Del Gaizo et al.14) reported that survival rate was 94% over 2 years after revision surgery in patients with Paprosky type III and IV bone defects and that complications requiring more than one revision occurred in 7 out of 36 patients. Of these 7 hips, revision was caused by periprosthetic fractures of the femur in 2 hips, acute infection in 3, and recurrent dislocation in 2. Grappiolo et al.12) followed up 55 cases (42 Paprosky type IIIA, 13 type IIIB) for an average of 53.7 months. Revision of the prosthesis was done in 4 cases (7.3%) due to aseptic loosening of the acetabular component in 3 and recurrent dislocation in 1. In the present study, stable fixation of the acetabular components was seen in 12 (80.0%) of 15 hips at an average follow-up of 29 months. No patients had undergone revision surgery due to mechanical failure of the acetabular components, excluding one patient with acute hematogenous infection that was managed by surgical debridement and long-term antibiotic suppression.

This study was limited by its retrospective nature, the relatively small sample size, and short follow-up period.
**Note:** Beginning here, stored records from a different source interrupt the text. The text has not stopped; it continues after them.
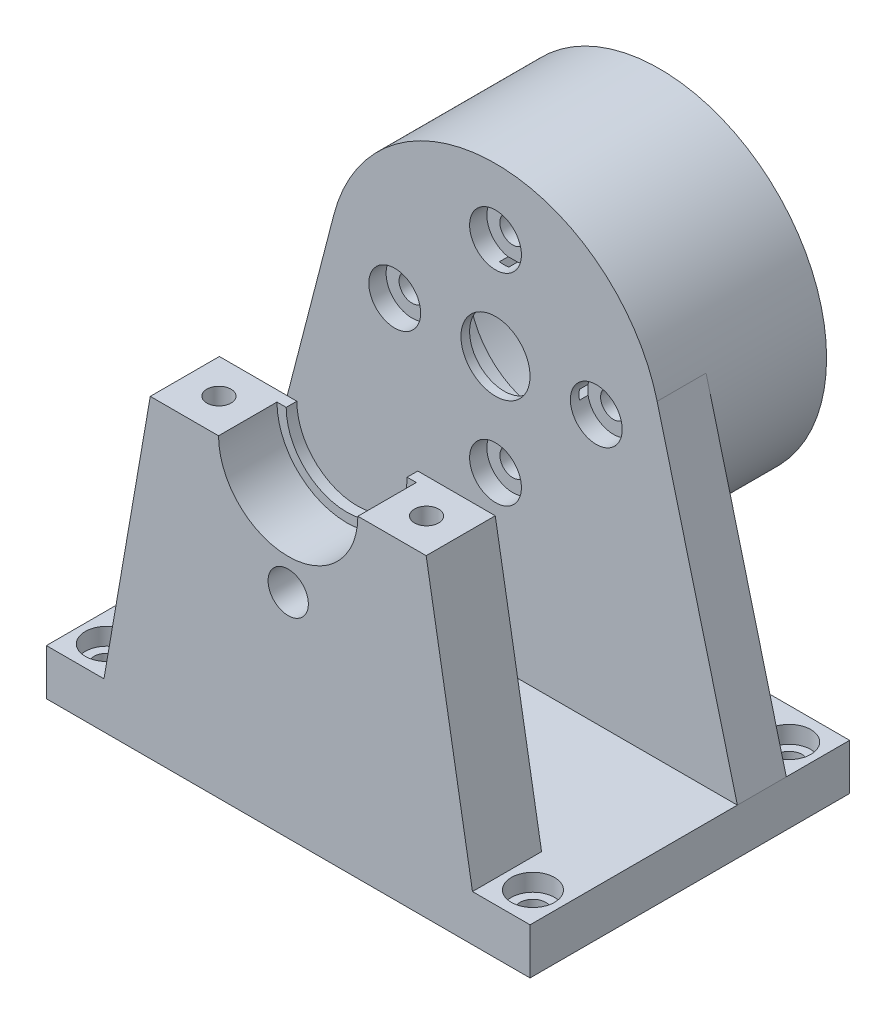
from build123d import *

# Parameters (mm, degrees)
ESTRUSIONE_ESTRUSIONE1_DEPTH  = 12
ESTRUSIONE_ESTRUSIONE2_START  = -1.85
ESTRUSIONE_ESTRUSIONE2_DEPTH  = 1.85
ESTRUSIONE_ESTRUSIONE3_DEPTH  = 1.85
ESTRUSIONE_ESTRUSIONE4_DEPTH  = 23.5
ESTRUSIONE_ESTRUSIONE5_START  = 1.85
ESTRUSIONE_ESTRUSIONE5_DEPTH  = 1.85
ESTRUSIONE_ESTRUSIONE6_START  = 8.3
ESTRUSIONE_ESTRUSIONE6_DEPTH  = 8.3
ESTRUSIONE_ESTRUSIONE7_START  = 1.85
ESTRUSIONE_ESTRUSIONE7_DEPTH  = 1.85
ESTRUSIONE_ESTRUSIONE8_DEPTH  = 23.5
ESTRUSIONE_ESTRUSIONE9_START  = 1.85
ESTRUSIONE_ESTRUSIONE9_DEPTH  = 1.85
ESTRUSIONE_ESTRUSIONE10_START = 8.3
ESTRUSIONE_ESTRUSIONE10_DEPTH = 8.3
ESTRUSIONE_ESTRUSIONE11_START = 1.85
ESTRUSIONE_ESTRUSIONE11_DEPTH = 1.85
SCHIZZO12_R                   = 2.25
TAGLIO_ESTRUSIONE1_DEPTH      = 95.695564838
SCHIZZO13_R                   = 2.1
TAGLIO_ESTRUSIONE2_DEPTH      = 6
SCHIZZO15_R                   = 2.1
TAGLIO_ESTRUSIONE4_DEPTH      = 5
SCHIZZO16_R                   = 2.25
TAGLIO_ESTRUSIONE5_DEPTH      = 99.869863963
ESTRUSIONE_ESTRUSIONE12_DEPTH = 24
SCHIZZO18_R                   = 6
SCHIZZO18_R_2                 = 2.25
ESTRUSIONE_ESTRUSIONE13_DEPTH = 8.5
SCHIZZO19_R                   = 13.1
TAGLIO_ESTRUSIONE6_DEPTH      = 7
SCHIZZO20_R                   = 29
SCHIZZO20_R_2                 = 26.25
ESTRUSIONE_ESTRUSIONE14_DEPTH = 20
TAGLIO_ESTRUSIONE8_REACH      = 96.311
SCHIZZO21_R                   = 3.5
SCHIZZO21_R_2                 = 2.25
SCHIZZO22_W                   = 84
SCHIZZO22_H                   = 8
ESTRUSIONE_ESTRUSIONE15_DEPTH = 11
SCHIZZO23_R                   = 2.25
TAGLIO_ESTRUSIONE9_DEPTH      = 102.096488564
SCHIZZO24_R                   = 3.75
TAGLIO_ESTRUSIONE10_DEPTH     = 3
TAGLIO_ESTRUSIONE11_DEPTH     = 94.055212106
SCHIZZO26_R                   = 4.5
TAGLIO_ESTRUSIONE12_DEPTH     = 3


with BuildPart() as part:
    # Schizzo1 → Estrusione-Estrusione1 (new body)
    with BuildSketch(Plane.XY):
        with BuildLine():
            Line((-12.1, 0), (-21, 0))
            Line((-21, 0), (-21, -17.1))
            Line((-21, -17.1), (21, -17.1))
            Line((21, -17.1), (21, 0))
            Line((21, 0), (12.1, 0))
            ThreePointArc((12.1, 0), (0, -12.1), (-12.1, 0))
        make_face()
        Polygon((-42, -46.5), (-42, -54.5), (42, -54.5), (42, -46.5), (32, -46.5), (23.95754717, 0), (21, 0), (21, -17.1), (-21, -17.1), (-21, 0), (-23.95754717, 0), (-32, -46.5), align=None)
    extrude(amount=ESTRUSIONE_ESTRUSIONE1_DEPTH)

    # Schizzo2 → Estrusione-Estrusione2 (add)
    with BuildSketch(Plane.XY.offset(12).offset(ESTRUSIONE_ESTRUSIONE2_START)):
        with BuildLine():
            Line((12.1, 0), (10.5, 0))
            ThreePointArc((10.5, 0), (0, -10.5), (-10.5, 0))
            Line((-10.5, 0), (-12.1, 0))
            ThreePointArc((-12.1, 0), (0, -12.1), (12.1, 0))
        make_face()
    extrude(amount=ESTRUSIONE_ESTRUSIONE2_DEPTH)

    # Schizzo3 → Estrusione-Estrusione3 (add)
    with BuildSketch(Plane(origin=(0, 0, 0), x_dir=(-1, 0, 0), z_dir=(0, 0, -1))):
        with BuildLine():
            Line((12.1, 0), (10.5, 0))
            ThreePointArc((10.5, 0), (0, -10.5), (-10.5, 0))
            Line((-10.5, 0), (-12.1, 0))
            ThreePointArc((-12.1, 0), (0, -12.1), (12.1, 0))
        make_face()
    extrude(amount=-ESTRUSIONE_ESTRUSIONE3_DEPTH)

    # Schizzo4 → Estrusione-Estrusione4 (add)
    with BuildSketch(Plane(origin=(0, 0, 0), x_dir=(-1, 0, 0), z_dir=(0, 0, -1))):
        with BuildLine():
            Line((-27.454507827, -46.5), (-32, -46.5))
            Line((-32, -46.5), (-42, -46.5))
            Line((-42, -46.5), (-42, -54.5))
            Line((-42, -54.5), (42, -54.5))
            Line((42, -54.5), (42, -46.5))
            Line((42, -46.5), (32, -46.5))
            Line((32, -46.5), (27.454507827, -46.5))
            ThreePointArc((27.454507827, -46.5), (0, -54), (-27.454507827, -46.5))
        make_face()
    extrude(amount=ESTRUSIONE_ESTRUSIONE4_DEPTH)

    # Schizzo5 → Estrusione-Estrusione5 (add)
    with BuildSketch(Plane(origin=(0, 0, -23.5), x_dir=(-1, 0, 0), z_dir=(0, 0, -1)).offset(ESTRUSIONE_ESTRUSIONE5_START)):
        with BuildLine():
            Line((23.95754717, 0), (10.5, 0))
            ThreePointArc((10.5, 0), (0, -10.5), (-10.5, 0))
            Line((-10.5, 0), (-23.95754717, 0))
            Line((-23.95754717, 0), (-32, -46.5))
            Line((-32, -46.5), (-42, -46.5))
            Line((-42, -46.5), (-42, -54.5))
            Line((-42, -54.5), (42, -54.5))
            Line((42, -54.5), (42, -46.5))
            Line((42, -46.5), (32, -46.5))
            Line((32, -46.5), (23.95754717, 0))
        make_face()
    extrude(amount=-ESTRUSIONE_ESTRUSIONE5_DEPTH)

    # Schizzo6 → Estrusione-Estrusione6 (add)
    with BuildSketch(Plane(origin=(0, 0, -25.35), x_dir=(-1, 0, 0), z_dir=(0, 0, -1)).offset(ESTRUSIONE_ESTRUSIONE6_START)):
        with BuildLine():
            ThreePointArc((12.1, 0), (0, -12.1), (-12.1, 0))
            Line((-12.1, 0), (-23.95754717, 0))
            Line((-23.95754717, 0), (-32, -46.5))
            Line((-32, -46.5), (-42, -46.5))
            Line((-42, -46.5), (-42, -54.5))
            Line((-42, -54.5), (42, -54.5))
            Line((42, -54.5), (42, -46.5))
            Line((42, -46.5), (32, -46.5))
            Line((32, -46.5), (23.95754717, 0))
            Line((23.95754717, 0), (12.1, 0))
        make_face()
    extrude(amount=-ESTRUSIONE_ESTRUSIONE6_DEPTH)

    # Schizzo7 → Estrusione-Estrusione7 (add)
    with BuildSketch(Plane(origin=(0, 0, -33.65), x_dir=(-1, 0, 0), z_dir=(0, 0, -1)).offset(ESTRUSIONE_ESTRUSIONE7_START)):
        with BuildLine():
            Line((23.95754717, 0), (10.5, 0))
            ThreePointArc((10.5, 0), (0, -10.5), (-10.5, 0))
            Line((-10.5, 0), (-23.95754717, 0))
            Line((-23.95754717, 0), (-32, -46.5))
            Line((-32, -46.5), (-42, -46.5))
            Line((-42, -46.5), (-42, -54.5))
            Line((-42, -54.5), (42, -54.5))
            Line((42, -54.5), (42, -46.5))
            Line((42, -46.5), (32, -46.5))
            Line((32, -46.5), (23.95754717, 0))
        make_face()
    extrude(amount=-ESTRUSIONE_ESTRUSIONE7_DEPTH)

    # Schizzo8 → Estrusione-Estrusione8 (add)
    with BuildSketch(Plane(origin=(0, 0, -35.5), x_dir=(-1, 0, 0), z_dir=(0, 0, -1))):
        Polygon((-32, -46.5), (32, -46.5), (42, -46.5), (42, -54.5), (-42, -54.5), (-42, -46.5), align=None)
    extrude(amount=ESTRUSIONE_ESTRUSIONE8_DEPTH)

    # Schizzo9 → Estrusione-Estrusione9 (add)
    with BuildSketch(Plane(origin=(0, 0, -59), x_dir=(-1, 0, 0), z_dir=(0, 0, -1)).offset(ESTRUSIONE_ESTRUSIONE9_START)):
        with BuildLine():
            Line((23.95754717, 0), (10.5, 0))
            ThreePointArc((10.5, 0), (0, -10.5), (-10.5, 0))
            Line((-10.5, 0), (-23.95754717, 0))
            Line((-23.95754717, 0), (-32, -46.5))
            Line((-32, -46.5), (-42, -46.5))
            Line((-42, -46.5), (-42, -54.5))
            Line((-42, -54.5), (42, -54.5))
            Line((42, -54.5), (42, -46.5))
            Line((42, -46.5), (32, -46.5))
            Line((32, -46.5), (23.95754717, 0))
        make_face()
    extrude(amount=-ESTRUSIONE_ESTRUSIONE9_DEPTH)

    # Schizzo10 → Estrusione-Estrusione10 (add)
    with BuildSketch(Plane(origin=(0, 0, -60.85), x_dir=(-1, 0, 0), z_dir=(0, 0, -1)).offset(ESTRUSIONE_ESTRUSIONE10_START)):
        with BuildLine():
            ThreePointArc((12.1, 0), (0, -12.1), (-12.1, 0))
            Line((-12.1, 0), (-23.95754717, 0))
            Line((-23.95754717, 0), (-32, -46.5))
            Line((-32, -46.5), (-42, -46.5))
            Line((-42, -46.5), (-42, -54.5))
            Line((-42, -54.5), (42, -54.5))
            Line((42, -54.5), (42, -46.5))
            Line((42, -46.5), (32, -46.5))
            Line((32, -46.5), (23.95754717, 0))
            Line((23.95754717, 0), (12.1, 0))
        make_face()
    extrude(amount=-ESTRUSIONE_ESTRUSIONE10_DEPTH)

    # Schizzo11 → Estrusione-Estrusione11 (add)
    with BuildSketch(Plane(origin=(0, 0, -69.15), x_dir=(-1, 0, 0), z_dir=(0, 0, -1)).offset(ESTRUSIONE_ESTRUSIONE11_START)):
        with BuildLine():
            Line((23.95754717, 0), (10.5, 0))
            ThreePointArc((10.5, 0), (0, -10.5), (-10.5, 0))
            Line((-10.5, 0), (-23.95754717, 0))
            Line((-23.95754717, 0), (-32, -46.5))
            Line((-32, -46.5), (-42, -46.5))
            Line((-42, -46.5), (-42, -54.5))
            Line((-42, -54.5), (42, -54.5))
            Line((42, -54.5), (42, -46.5))
            Line((42, -46.5), (32, -46.5))
            Line((32, -46.5), (23.95754717, 0))
        make_face()
    extrude(amount=-ESTRUSIONE_ESTRUSIONE11_DEPTH)

    # Schizzo12 → Taglio-Estrusione1 (cut, through all)
    with BuildSketch(Plane(origin=(0, -46.5, 0), x_dir=(1, 0, 0), z_dir=(0, 1, 0))):
        with Locations(Location((37, -6.5, 0), (0, 0, 270))):
            Circle(SCHIZZO12_R)
        with Locations(Location((37, 28.5, 0), (0, 0, 270))):
            Circle(SCHIZZO12_R)
        with Locations(Location((37, 65.5, 0), (0, 0, 270))):
            Circle(SCHIZZO12_R)
        with Locations(Location((-37, -6.5, 0), (0, 0, 270))):
            Circle(SCHIZZO12_R)
        with Locations(Location((-37, 28.5, 0), (0, 0, 270))):
            Circle(SCHIZZO12_R)
        with Locations(Location((-37, 65.5, 0), (0, 0, 270))):
            Circle(SCHIZZO12_R)
    extrude(amount=-TAGLIO_ESTRUSIONE1_DEPTH, mode=Mode.SUBTRACT)

    # Schizzo13 → Taglio-Estrusione2 (cut)
    with BuildSketch(Plane(origin=(0, 0, 0), x_dir=(1, 0, 0), z_dir=(0, 1, 0))):
        with Locations(Location((18.028773585, -6, 0), (0, 0, 180))):
            Circle(SCHIZZO13_R)
        with Locations(Location((-18.028773585, -6, 0), (0, 0, 180))):
            Circle(SCHIZZO13_R)
        with Locations(Location((18.028773585, 29.5, 0), (0, 0, 180))):
            Circle(SCHIZZO13_R)
        with Locations(Location((-18.028773585, 29.5, 0), (0, 0, 180))):
            Circle(SCHIZZO13_R)
        with Locations(Location((18.028773585, 65, 0), (0, 0, 180))):
            Circle(SCHIZZO13_R)
        with Locations(Location((-18.028773585, 65, 0), (0, 0, 180))):
            Circle(SCHIZZO13_R)
    extrude(amount=-TAGLIO_ESTRUSIONE2_DEPTH, mode=Mode.SUBTRACT)

    # Schizzo15 → Taglio-Estrusione4 (cut)
    with BuildSketch(Plane(origin=(0, -6, 0), x_dir=(1, 0, 0), z_dir=(0, 1, 0))):
        with Locations(Location((-18.028773585, 65, 0), (0, 0, 180))):
            Circle(SCHIZZO15_R)
        with Locations(Location((18.028773585, 65, 0), (0, 0, 180))):
            Circle(SCHIZZO15_R)
        with Locations(Location((18.028773585, 29.5, 0), (0, 0, 180))):
            Circle(SCHIZZO15_R)
        with Locations(Location((-18.028773585, 29.5, 0), (0, 0, 180))):
            Circle(SCHIZZO15_R)
        with Locations(Location((-18.028773585, -6, 0), (0, 0, 180))):
            Circle(SCHIZZO15_R)
        with Locations(Location((18.028773585, -6, 0), (0, 0, 180))):
            Circle(SCHIZZO15_R)
    extrude(amount=-TAGLIO_ESTRUSIONE4_DEPTH, mode=Mode.SUBTRACT)

    # Schizzo16 → Taglio-Estrusione5 (cut, through all)
    with BuildSketch(Plane.XZ.offset(54.5)):
        Polygon((-10.5, 0), (-23.95754717, 0), (-42, 0), (-42, -71), (42, -71), (42, 0), (23.95754717, 0), (10.5, 0), align=None)
        with Locations((-37, -65.5)):
            Circle(SCHIZZO16_R, mode=Mode.SUBTRACT)
        with Locations((37, -65.5)):
            Circle(SCHIZZO16_R, mode=Mode.SUBTRACT)
        with Locations((-37, -28.5)):
            Circle(SCHIZZO16_R, mode=Mode.SUBTRACT)
        with Locations((37, -28.5)):
            Circle(SCHIZZO16_R, mode=Mode.SUBTRACT)
    extrude(amount=-TAGLIO_ESTRUSIONE5_DEPTH, mode=Mode.SUBTRACT)

    # Schizzo17 → Estrusione-Estrusione12 (add)
    with BuildSketch(Plane(origin=(0, 0, 0), x_dir=(-1, 0, 0), z_dir=(0, 0, -1))):
        Polygon((-32, -46.5), (32, -46.5), (42, -46.5), (42, -54.5), (-42, -54.5), (-42, -46.5), align=None)
    extrude(amount=ESTRUSIONE_ESTRUSIONE12_DEPTH)

    # Schizzo18 → Estrusione-Estrusione13 (add)
    with BuildSketch(Plane(origin=(0, 0, -24), x_dir=(-1, 0, 0), z_dir=(0, 0, -1))):
        with BuildLine():
            Line((-42, -46.5), (-28.073726485, 7.270892739))
            ThreePointArc((-28.073726485, 7.270892739), (0, 29), (28.073726485, 7.270892739))
            Line((28.073726485, 7.270892739), (42, -46.5))
            Line((42, -46.5), (42, -54.5))
            Line((42, -54.5), (-42, -54.5))
            Line((-42, -54.5), (-42, -46.5))
        make_face()
        Circle(SCHIZZO18_R, mode=Mode.SUBTRACT)
        with Locations((0, 17.5)):
            Circle(SCHIZZO18_R_2, mode=Mode.SUBTRACT)
        with Locations((17.5, 0)):
            Circle(SCHIZZO18_R_2, mode=Mode.SUBTRACT)
        with Locations((0, -17.5)):
            Circle(SCHIZZO18_R_2, mode=Mode.SUBTRACT)
        with Locations((-17.5, 0)):
            Circle(SCHIZZO18_R_2, mode=Mode.SUBTRACT)
    extrude(amount=ESTRUSIONE_ESTRUSIONE13_DEPTH)

    # Schizzo19 → Taglio-Estrusione6 (cut)
    with BuildSketch(Plane(origin=(0, 0, -32.5), x_dir=(-1, 0, 0), z_dir=(0, 0, -1))):
        Circle(SCHIZZO19_R)
    extrude(amount=-TAGLIO_ESTRUSIONE6_DEPTH, mode=Mode.SUBTRACT)

    # Schizzo20 → Estrusione-Estrusione14 (add)
    with BuildSketch(Plane(origin=(0, 0, -32.5), x_dir=(-1, 0, 0), z_dir=(0, 0, -1))):
        with Locations(Location((0, 0, 0), (0, 0, 165.479851844))):
            Circle(SCHIZZO20_R)
        Circle(SCHIZZO20_R_2, mode=Mode.SUBTRACT)
    extrude(amount=ESTRUSIONE_ESTRUSIONE14_DEPTH)

    # Schizzo21 → Taglio-Estrusione8 (cut, up to next)
    with BuildSketch(Plane.XY.offset(12), mode=Mode.PRIVATE) as taglio_estrusione8_sk1:
        with Locations((0, -17.5)):
            Circle(SCHIZZO21_R)
        with Locations(Location((0, -17.5, 0), (0, 0, 180))):
            Circle(SCHIZZO21_R_2, mode=Mode.SUBTRACT)
    taglio_estrusione8_tool1 = extrude(taglio_estrusione8_sk1.sketch, amount=-TAGLIO_ESTRUSIONE8_REACH, mode=Mode.PRIVATE) & part.part
    # Schizzo21 → Taglio-Estrusione8 (cut, up to next)
    with BuildSketch(Plane.XY.offset(12), mode=Mode.PRIVATE) as taglio_estrusione8_sk2:
        with Locations(Location((0, -17.5, 0), (0, 0, 180))):
            Circle(SCHIZZO21_R_2)
    taglio_estrusione8_tool2 = extrude(taglio_estrusione8_sk2.sketch, amount=-TAGLIO_ESTRUSIONE8_REACH, mode=Mode.PRIVATE) & part.part
    add(taglio_estrusione8_tool1.solids().sort_by_distance((-3.401005, -17.5, 12))[0], mode=Mode.SUBTRACT)
    add(taglio_estrusione8_tool2.solids().sort_by_distance((0, -17.5, 12))[0], mode=Mode.SUBTRACT)

    # Schizzo22 → Estrusione-Estrusione15 (add)
    with BuildSketch(Plane(origin=(0, 0, -32.5), x_dir=(-1, 0, 0), z_dir=(0, 0, -1))):
        with Locations((0, -50.5)):
            Rectangle(SCHIZZO22_W, SCHIZZO22_H)
    extrude(amount=ESTRUSIONE_ESTRUSIONE15_DEPTH)

    # Schizzo23 → Taglio-Estrusione9 (cut, through all)
    with BuildSketch(Plane(origin=(0, -46.5, 0), x_dir=(1, 0, 0), z_dir=(0, 1, 0))):
        with Locations(Location((37, 38, 0), (0, 0, 270))):
            Circle(SCHIZZO23_R)
        with Locations(Location((-37, 38, 0), (0, 0, 270))):
            Circle(SCHIZZO23_R)
    extrude(amount=-TAGLIO_ESTRUSIONE9_DEPTH, mode=Mode.SUBTRACT)

    # Schizzo24 → Taglio-Estrusione10 (cut)
    with BuildSketch(Plane(origin=(0, -46.5, 0), x_dir=(1, 0, 0), z_dir=(0, 1, 0))):
        with Locations(Location((37, -6.5, 0), (0, 0, 270))):
            Circle(SCHIZZO24_R)
        with Locations(Location((-37, -6.5, 0), (0, 0, 270))):
            Circle(SCHIZZO24_R)
        with Locations(Location((-37, 38, 0), (0, 0, 270))):
            Circle(SCHIZZO24_R)
        with Locations(Location((37, 38, 0), (0, 0, 270))):
            Circle(SCHIZZO24_R)
    extrude(amount=-TAGLIO_ESTRUSIONE10_DEPTH, mode=Mode.SUBTRACT)

    # Schizzo25 → Taglio-Estrusione11 (cut, through all)
    with BuildSketch(Plane(origin=(0, 0, 10.15), x_dir=(-1, 0, 0), z_dir=(0, 0, -1))):
        with BuildLine():
            Line((-10.5, 0), (-12.1, 0))
            ThreePointArc((-12.1, 0), (0, -12.1), (12.1, 0))
            Line((12.1, 0), (10.5, 0))
            ThreePointArc((10.5, 0), (0, -10.5), (-10.5, 0))
        make_face()
    extrude(amount=-TAGLIO_ESTRUSIONE11_DEPTH, mode=Mode.SUBTRACT)

    # Schizzo26 → Taglio-Estrusione12 (cut)
    with BuildSketch(Plane.XY.offset(-24)):
        with Locations((0, 17.5)):
            Circle(SCHIZZO26_R)
        with Locations((17.5, 0)):
            Circle(SCHIZZO26_R)
        with Locations((0, -17.5)):
            Circle(SCHIZZO26_R)
        with Locations((-17.5, 0)):
            Circle(SCHIZZO26_R)
    extrude(amount=-TAGLIO_ESTRUSIONE12_DEPTH, mode=Mode.SUBTRACT)


solid = part.part

Nevertheless, given the rarity of outcome data for revision THA with Paprosky type III and IV bone defects, we believe that the findings of this study are of value, because the study was based on patients with Paprosky type III and IV bone defects who were treated using tantalum augments by a single surgeon at a single institution.

In the present study, we observed satisfactory clinical and radiographic outcomes in patients who received revision THA using tantalum augments due to severe acetabular bone defects of Paprosky type III or IV at a minimum follow-up of 2 years. Based on the satisfactory results of this study and previous reports, we believe that revision THA using tantalum augments due to severe acetabular bone defects of Paprosky type III or IV could be an acceptable alternative method providing good mechanical stability.